__Record excerpts__
»»

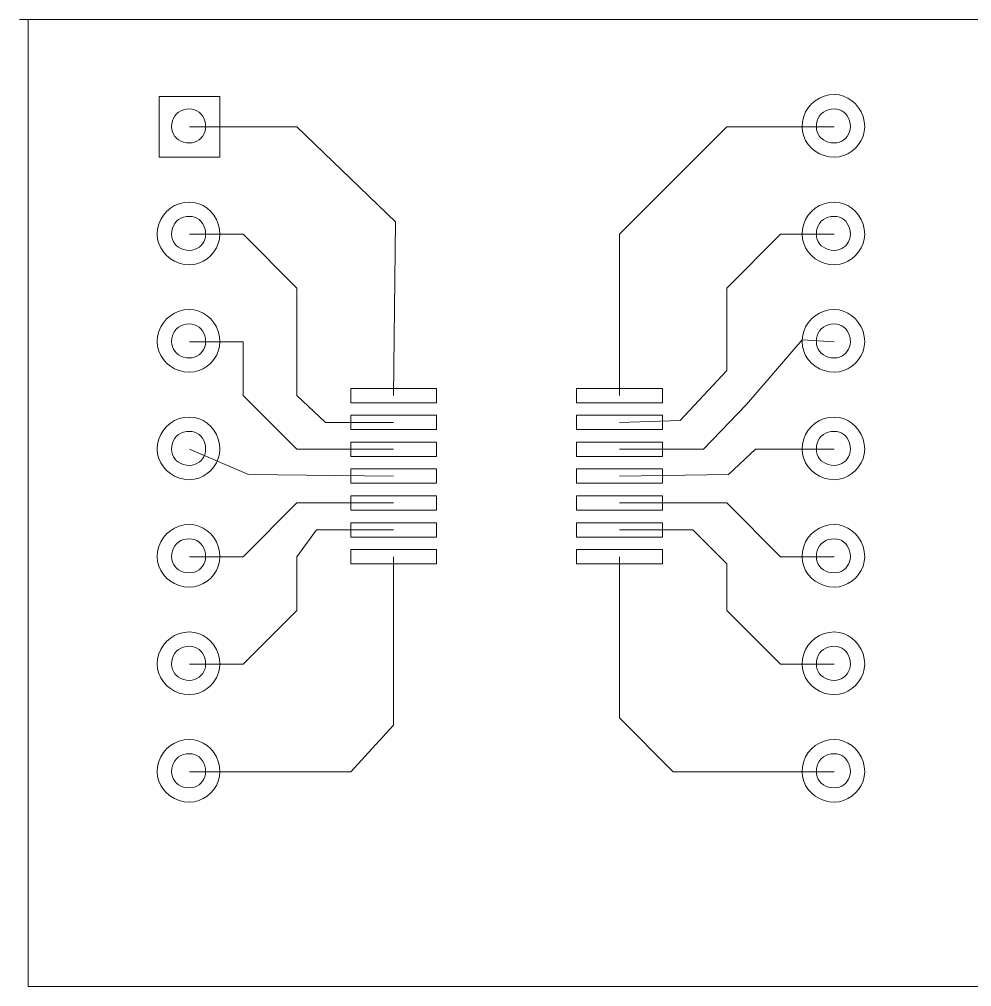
# Model space of a CAD drawing. Header units: inches. Extents: x 0.31 to 3.92, y 0.28 to 1.28.
# Drawn here: x 0.31 to 1.197, y 0.381 to 1.281 of the extents above; entities that cross this region are included whole.
import ezdxf

# ---------------------------------------------------------------- set-up
doc = ezdxf.new("R2010")
doc.units = ezdxf.units.IN
doc.header["$MEASUREMENT"] = 0
doc.layers.get('0').update_dxf_attribs({"lineweight": 0})

msp = doc.modelspace()

# ---------------------------------------------------------------- linework, layer by layer
at = {"color": 0}
for points in [[(0.31045, 1.28125), (3.82496, 1.28125)], [(0.31874, 0.38125), (0.31874, 1.28125)], [(0.31874, 1.28125), (1.21874, 1.28125)], [(0.44041, 1.15292), (0.49707, 1.15292), (0.49707, 1.20958), (0.44041, 1.20958), (0.44041, 1.15292), (0.44041, 1.15292), (0.44041, 1.15292)], [(1.09708, 1.18125), (1.09708, 1.18125), (1.09669, 1.18614), (1.09557, 1.19077), (1.09379, 1.19508), (1.09142, 1.19901), (1.08853, 1.2025), (1.0852, 1.20549), (1.08148, 1.20792), (1.07745, 1.20973), (1.07318, 1.21086), (1.06874, 1.21125), (1.06874, 1.21125), (1.06874, 1.21125), (1.06385, 1.21086), (1.05922, 1.20973), (1.05491, 1.20792), (1.05098, 1.20549), (1.04749, 1.2025), (1.0445, 1.19901), (1.04207, 1.19508), (1.04026, 1.19077), (1.03913, 1.18614), (1.03874, 1.18125), (1.03874, 1.18125), (1.03874, 1.18125), (1.03913, 1.17681), (1.04026, 1.17254), (1.04207, 1.16851), (1.0445, 1.1648), (1.04749, 1.16146), (1.05098, 1.15857), (1.05491, 1.1562), (1.05922, 1.15442), (1.06385, 1.1533), (1.06874, 1.15292), (1.06874, 1.15292), (1.06874, 1.15292), (1.07318, 1.1533), (1.07745, 1.15442), (1.08148, 1.1562), (1.0852, 1.15857), (1.08853, 1.16146), (1.09142, 1.1648), (1.09379, 1.16851), (1.09557, 1.17254), (1.09669, 1.17681), (1.09708, 1.18125), (1.09708, 1.18125), (1.09708, 1.18125), (1.09708, 1.18125)], [(0.48374, 1.18125), (0.48374, 1.18125), (0.48355, 1.18415), (0.48298, 1.18682), (0.48208, 1.18926), (0.48086, 1.19144), (0.47937, 1.19333), (0.47762, 1.19493), (0.47566, 1.19621), (0.4735, 1.19714), (0.47119, 1.19772), (0.46874, 1.19792), (0.46874, 1.19792), (0.46874, 1.19792), (0.46585, 1.19772), (0.46317, 1.19714), (0.46073, 1.19621), (0.45856, 1.19493), (0.45666, 1.19333), (0.45506, 1.19144), (0.45379, 1.18926), (0.45285, 1.18682), (0.45227, 1.18415), (0.45208, 1.18125), (0.45208, 1.18125), (0.45208, 1.18125), (0.45227, 1.1788), (0.45285, 1.17649), (0.45379, 1.17433), (0.45506, 1.17237), (0.45666, 1.17062), (0.45856, 1.16913), (0.46073, 1.16791), (0.46317, 1.16701), (0.46585, 1.16644), (0.46874, 1.16625), (0.46874, 1.16625), (0.46874, 1.16625), (0.47119, 1.16644), (0.4735, 1.16701), (0.47566, 1.16791), (0.47762, 1.16913), (0.47937, 1.17062), (0.48086, 1.17237), (0.48208, 1.17433), (0.48298, 1.17649), (0.48355, 1.1788), (0.48374, 1.18125), (0.48374, 1.18125), (0.48374, 1.18125), (0.48374, 1.18125)], [(1.08374, 1.18125), (1.08374, 1.18125), (1.08355, 1.18415), (1.08298, 1.18682), (1.08208, 1.18926), (1.08086, 1.19144), (1.07937, 1.19333), (1.07762, 1.19493), (1.07566, 1.19621), (1.0735, 1.19714), (1.07119, 1.19772), (1.06874, 1.19792), (1.06874, 1.19792), (1.06874, 1.19792), (1.06585, 1.19772), (1.06317, 1.19714), (1.06073, 1.19621), (1.05856, 1.19493), (1.05666, 1.19333), (1.05506, 1.19144), (1.05379, 1.18926), (1.05285, 1.18682), (1.05227, 1.18415), (1.05208, 1.18125), (1.05208, 1.18125), (1.05208, 1.18125), (1.05227, 1.1788), (1.05285, 1.17649), (1.05379, 1.17433), (1.05506, 1.17237), (1.05666, 1.17062), (1.05856, 1.16913), (1.06073, 1.16791), (1.06317, 1.16701), (1.06585, 1.16644), (1.06874, 1.16625), (1.06874, 1.16625), (1.06874, 1.16625), (1.07119, 1.16644), (1.0735, 1.16701), (1.07566, 1.16791), (1.07762, 1.16913), (1.07937, 1.17062), (1.08086, 1.17237), (1.08208, 1.17433), (1.08298, 1.17649), (1.08355, 1.1788), (1.08374, 1.18125), (1.08374, 1.18125), (1.08374, 1.18125), (1.08374, 1.18125)], [(0.56874, 1.18125), (0.46874, 1.18125)], [(0.66041, 1.09292), (0.56874, 1.18125)], [(0.86874, 1.08125), (0.96874, 1.18125)], [(0.96874, 1.18125), (1.06874, 1.18125)], [(0.49708, 1.08125), (0.49708, 1.08125), (0.49669, 1.08614), (0.49557, 1.09077), (0.49379, 1.09508), (0.49142, 1.09901), (0.48854, 1.1025), (0.4852, 1.10549), (0.48148, 1.10792), (0.47745, 1.10973), (0.47318, 1.11086), (0.46874, 1.11125), (0.46874, 1.11125), (0.46874, 1.11125), (0.46385, 1.11086), (0.45922, 1.10973), (0.45491, 1.10792), (0.45098, 1.10549), (0.44749, 1.1025), (0.4445, 1.09901), (0.44207, 1.09508), (0.44026, 1.09077), (0.43913, 1.08614), (0.43874, 1.08125), (0.43874, 1.08125), (0.43874, 1.08125), (0.43913, 1.07681), (0.44026, 1.07254), (0.44207, 1.06851), (0.4445, 1.0648), (0.44749, 1.06146), (0.45098, 1.05857), (0.45491, 1.0562), (0.45922, 1.05442), (0.46385, 1.0533), (0.46874, 1.05292), (0.46874, 1.05292), (0.46874, 1.05292), (0.47318, 1.0533), (0.47745, 1.05442), (0.48148, 1.0562), (0.4852, 1.05857), (0.48854, 1.06146), (0.49142, 1.0648), (0.49379, 1.06851), (0.49557, 1.07254), (0.49669, 1.07681), (0.49708, 1.08125), (0.49708, 1.08125), (0.49708, 1.08125), (0.49708, 1.08125)], [(1.09708, 1.08125), (1.09708, 1.08125), (1.09669, 1.08614), (1.09557, 1.09077), (1.09379, 1.09508), (1.09142, 1.09901), (1.08853, 1.1025), (1.0852, 1.10549), (1.08148, 1.10792), (1.07745, 1.10973), (1.07318, 1.11086), (1.06874, 1.11125), (1.06874, 1.11125), (1.06874, 1.11125), (1.06385, 1.11086), (1.05922, 1.10973), (1.05491, 1.10792), (1.05098, 1.10549), (1.04749, 1.1025), (1.0445, 1.09901), (1.04207, 1.09508), (1.04026, 1.09077), (1.03913, 1.08614), (1.03874, 1.08125), (1.03874, 1.08125), (1.03874, 1.08125), (1.03913, 1.07681), (1.04026, 1.07254), (1.04207, 1.06851), (1.0445, 1.0648), (1.04749, 1.06146), (1.05098, 1.05857), (1.05491, 1.0562), (1.05922, 1.05442), (1.06385, 1.0533), (1.06874, 1.05292), (1.06874, 1.05292), (1.06874, 1.05292), (1.07318, 1.0533), (1.07745, 1.05442), (1.08148, 1.0562), (1.0852, 1.05857), (1.08853, 1.06146), (1.09142, 1.0648), (1.09379, 1.06851), (1.09557, 1.07254), (1.09669, 1.07681), (1.09708, 1.08125), (1.09708, 1.08125), (1.09708, 1.08125), (1.09708, 1.08125)], [(0.48374, 1.08125), (0.48374, 1.08125), (0.48355, 1.08415), (0.48298, 1.08682), (0.48208, 1.08926), (0.48086, 1.09144), (0.47937, 1.09333), (0.47762, 1.09493), (0.47566, 1.09621), (0.4735, 1.09714), (0.47119, 1.09772), (0.46874, 1.09792), (0.46874, 1.09792), (0.46874, 1.09792), (0.46585, 1.09772), (0.46317, 1.09714), (0.46073, 1.09621), (0.45856, 1.09493), (0.45666, 1.09333), (0.45506, 1.09144), (0.45379, 1.08926), (0.45285, 1.08682), (0.45227, 1.08415), (0.45208, 1.08125), (0.45208, 1.08125), (0.45208, 1.08125), (0.45227, 1.0788), (0.45285, 1.07649), (0.45379, 1.07433), (0.45506, 1.07237), (0.45666, 1.07062), (0.45856, 1.06913), (0.46073, 1.06791), (0.46317, 1.06701), (0.46585, 1.06644), (0.46874, 1.06625), (0.46874, 1.06625), (0.46874, 1.06625), (0.47119, 1.06644), (0.4735, 1.06701), (0.47566, 1.06791), (0.47762, 1.06913), (0.47937, 1.07062), (0.48086, 1.07237), (0.48208, 1.07433), (0.48298, 1.07649), (0.48355, 1.0788), (0.48374, 1.08125), (0.48374, 1.08125), (0.48374, 1.08125), (0.48374, 1.08125)], [(0.65874, 0.93125), (0.66041, 1.09292)], [(1.08374, 1.08125), (1.08374, 1.08125), (1.08355, 1.08415), (1.08298, 1.08682), (1.08208, 1.08926), (1.08086, 1.09144), (1.07937, 1.09333), (1.07762, 1.09493), (1.07566, 1.09621), (1.0735, 1.09714), (1.07119, 1.09772), (1.06874, 1.09792), (1.06874, 1.09792), (1.06874, 1.09792), (1.06585, 1.09772), (1.06317, 1.09714), (1.06073, 1.09621), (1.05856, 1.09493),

««

Copy out every line from the records that has the word "ezdxf".

import ezdxf
doc = ezdxf.new("R2010")
doc.units = ezdxf.units.IN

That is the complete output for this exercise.